Received 28 August 2011; Accepted 13 November 2011

Academic Editor: Misao Matsushita

Copyright © 2012 Ya-Ling Yang et al. This is an open access article distributed under the Creative Commons Attribution License, which permits unrestricted use, distribution, and reproduction in any medium, provided the original work is properly cited.

Abstract

Background. Kawasaki disease is characterized by systemic vasculitis of unknown etiology. Previous genetic studies have identified certain candidate genes associated with susceptibility to KD and coronary artery lesions.

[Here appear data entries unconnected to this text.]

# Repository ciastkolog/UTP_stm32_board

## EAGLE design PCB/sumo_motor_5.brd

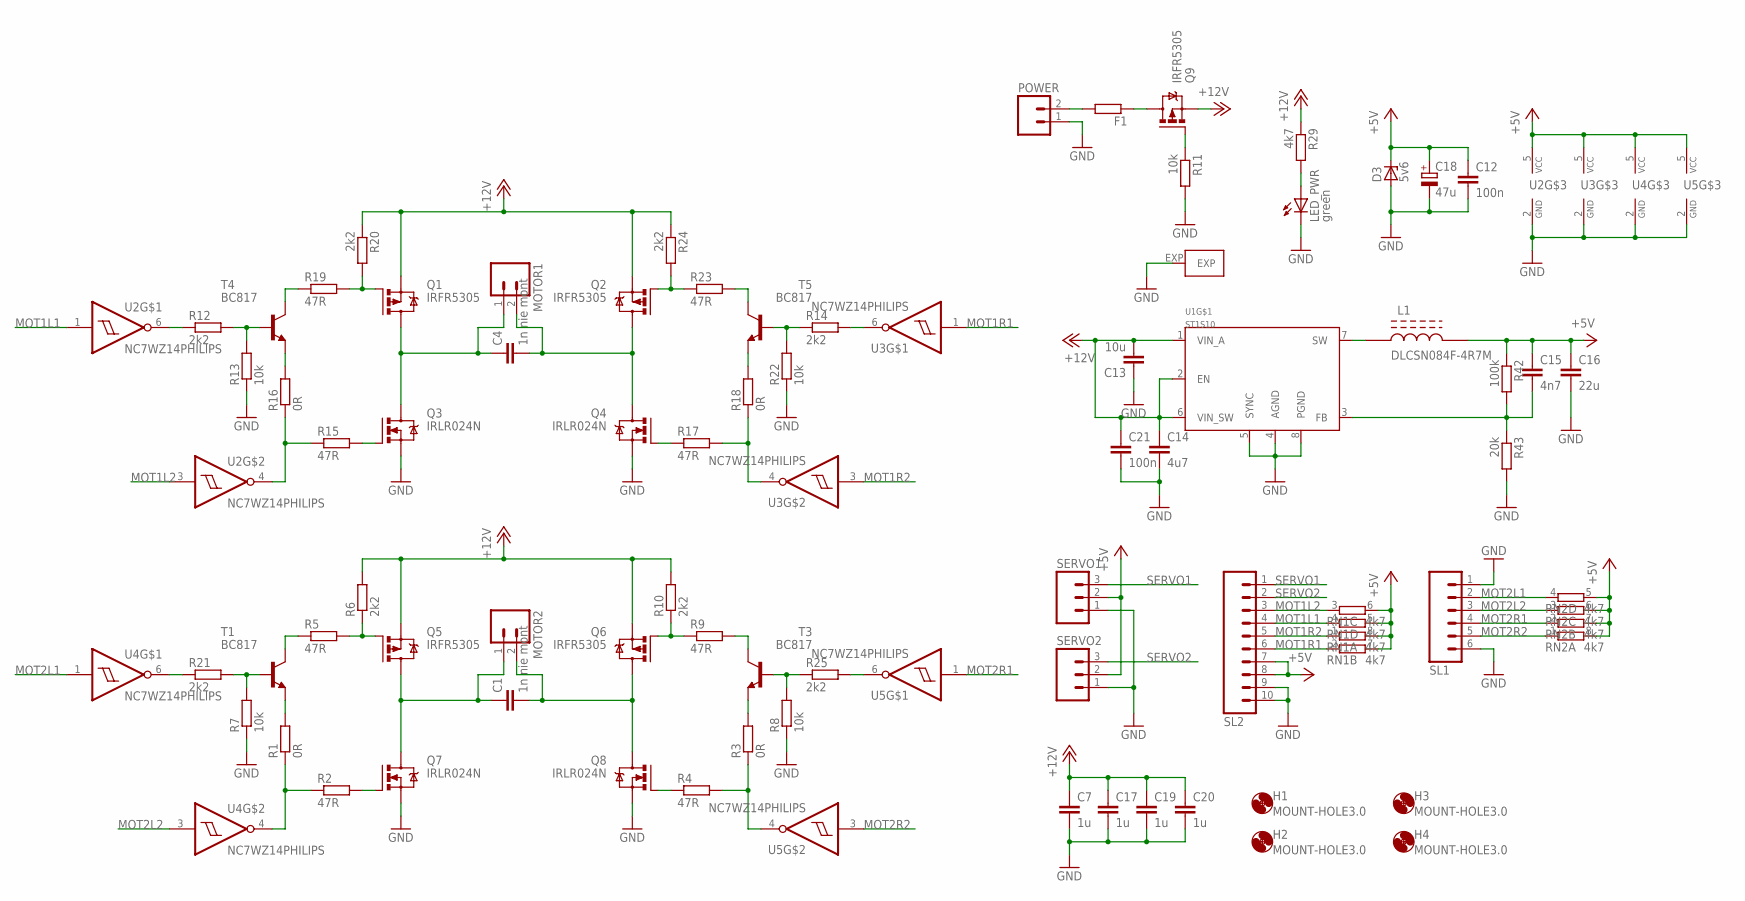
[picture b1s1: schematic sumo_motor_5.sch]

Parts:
C1, C4: 1n nie mont; C025-025X050
C7, C17, C19, C20: 1u; C0805
C12, C21: 100n; C0805
C13: 10u; C1206K
C14: 4u7; C0805
C15: 4n7; C0805
C16: 22u; C0805
C18: 47u; SMC_B
D3: 5v6; SMB
F1: R-EU_VMTA55; VMTA55
H1, H2, H3, H4: MOUNT-HOLE3.0; 3,0
L1: DLCSN084F-4R7M; CSN084F
LED_PWR: green; SML0805
MOTOR1, MOTOR2: M02; 02P
POWER: M02; 02P
Q1, Q2, Q5, Q6, Q9: IRFR5305; D-PAK_TO252AA
Q3, Q4, Q7, Q8: IRLR024N; D-PAK_TO252AA
R1, R3, R16, R18: 0R; R0603
R2, R4, R5, R9, R15, R17, R19, R23: 47R; R0603
R6, R10, R12, R14, R20, R21, R24, R25: 2k2; R0603
R7, R8, R11, R13, R22: 10k; R0603
R29: 4k7; R0603
R42: 100k; R0603
R43: 20k; R0603
RN1, RN2: 4k7; CAT16XXX
SERVO1, SERVO2: M03; 03P
SL1: M06; 06P
SL2: M10; 10P
T1, T3, T4, T5: BC817; SOT23-BEC
U1: ST1S10; HSOP8
U2, U3, U4, U5: NC7WZ14PHILIPS; SOT363_PHILIPS

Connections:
+5V: C12.1, C15.1, C16.1, C18.+, D3.C, L1.2, R42.1, RN1.5 (2), RN1.6 (2), RN1.7 (2), RN1.8 (2), RN2.5 (2), RN2.6 (2), RN2.7 (2), RN2.8 (2), SERVO1.2, SERVO2.2, SL2.7, SL2.8, U2.5 (VCC), U3.5 (VCC), U4.5 (VCC), U5.5 (VCC)
+12V: C7.1, C13.2, C14.1, C17.1, C19.1, C20.1, C21.1, Q1.3 (S), Q2.3 (S), Q5.3 (S), Q6.3 (S), Q9.3 (S), R6.2, R10.2, R20.1, R24.1, R29.1, U1.1 (VIN_A), U1.2 (EN), U1.6 (VIN_SW)
GND: C7.2, C12.2, C13.1, C14.2, C16.2, C17.2, C18.-, C19.2, C20.2, C21.2, D3.A, LED_PWR.C, POWER.1, Q3.3 (S), Q4.3 (S), Q7.3 (S), Q8.3 (S), R7.1, R8.1, R11.2, R13.1, R22.1, R43.2, SERVO1.1, SERVO2.1, SL1.1, SL1.6, SL2.9, SL2.10, U1.4 (AGND), U1.5 (SYNC), U1.8 (PGND), U1.EXP, U2.2 (GND), U3.2 (GND), U4.2 (GND), U5.2 (GND)
MOT1L1: RN1.4 (1), SL2.4, U2.1 (I)
MOT1L2: RN1.3 (1), SL2.3, U2.3 (I)
MOT1R1: RN1.2 (1), SL2.6, U3.1 (I)
MOT1R2: RN1.1, SL2.5, U3.3 (I)
MOT2L1: RN2.4 (1), SL1.2, U4.1 (I)
MOT2L2: RN2.3 (1), SL1.3, U4.3 (I)
MOT2R1: RN2.2 (1), SL1.4, U5.1 (I)
MOT2R2: RN2.1, SL1.5, U5.3 (I)
unnamed: R5.1, T1.C
unnamed: C1.1, MOTOR2.1, Q5.4 (D), Q7.4 (D)
unnamed: C1.2, MOTOR2.2, Q6.4 (D), Q8.4 (D)
unnamed: R19.1, T4.C
unnamed: R7.2, R21.2, T1.B
unnamed: Q5.1 (G), R5.2, R6.1
unnamed: Q6.1 (G), R9.1, R10.1
unnamed: R21.1, U4.6 (O)
unnamed: R1.2, T1.E
unnamed: R1.1, R2.1, U4.4 (O)
unnamed: Q3.1 (G), R15.2
unnamed: R16.2, T4.E
unnamed: Q7.1 (G), R2.2
unnamed: C4.1, MOTOR1.1, Q1.4 (D), Q3.4 (D)
unnamed: C4.2, MOTOR1.2, Q2.4 (D), Q4.4 (D)
unnamed: Q1.1 (G), R19.2, R20.2
unnamed: Q2.1 (G), R23.1, R24.2
unnamed: Q4.1 (G), R17.1
unnamed: R17.2, R18.1, U3.4 (O)
unnamed: R12.2, R13.2, T4.B
unnamed: R12.1, U2.6 (O)
unnamed: R18.2, T5.E
unnamed: R14.2, U3.6 (O)
unnamed: F1.2, POWER.2
unnamed: F1.1, Q9.4 (D)
unnamed: LED_PWR.A, R29.2
unnamed: Q8.1 (G), R4.1
unnamed: R3.1, R4.2, U5.4 (O)
unnamed: R3.2, T3.E
unnamed: R9.2, T3.C
unnamed: R8.2, R25.1, T3.B
unnamed: R25.2, U5.6 (O)
unnamed: L1.1, U1.7 (SW)
unnamed: C15.2, R42.2, R43.1, U1.3 (FB)
unnamed: Q9.1 (G), R11.1
unnamed: R23.2, T5.C
unnamed: R15.1, R16.1, U2.4 (O)
unnamed: R14.1, R22.2, T5.B
SERVO1: SERVO1.3, SL2.1
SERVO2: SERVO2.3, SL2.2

Host innate immune response factors are involved in modulating the disease outcome. The aim of this study was to investigate CLEC5A (C-type lectin domain family 5) genetic polymorphisms with regards to the susceptibility and outcome of KD. Methods. A total of 1045 subjects (381 KD patients and 664 controls) were enrolled to identify 4 tagging single-nucleotide polymorphisms (tSNPs) of CLEC5A (rs1285968, rs11770855, rs1285935, rs1285933) by using the TaqMan Allelic Discrimination Assay. The Hardy-Weinberg equilibrium was assessed in cases and controls, and genetic effects were evaluated by the chi-square test. Results. No significant associations were noted between the genotypes and allele frequency of the 4 CLEC5A tSNPs between controls and patients. In the patients, polymorphisms of CLEC5A showed no significant association with coronary artery lesion formation and intravenous immunoglobulin treatment response. Conclusions. This study showed for the first time that polymorphisms of CLEC5A are not associated with susceptibility to KD, coronary artery lesion formation, and intravenous immunoglobulin treatment response in a Taiwanese population.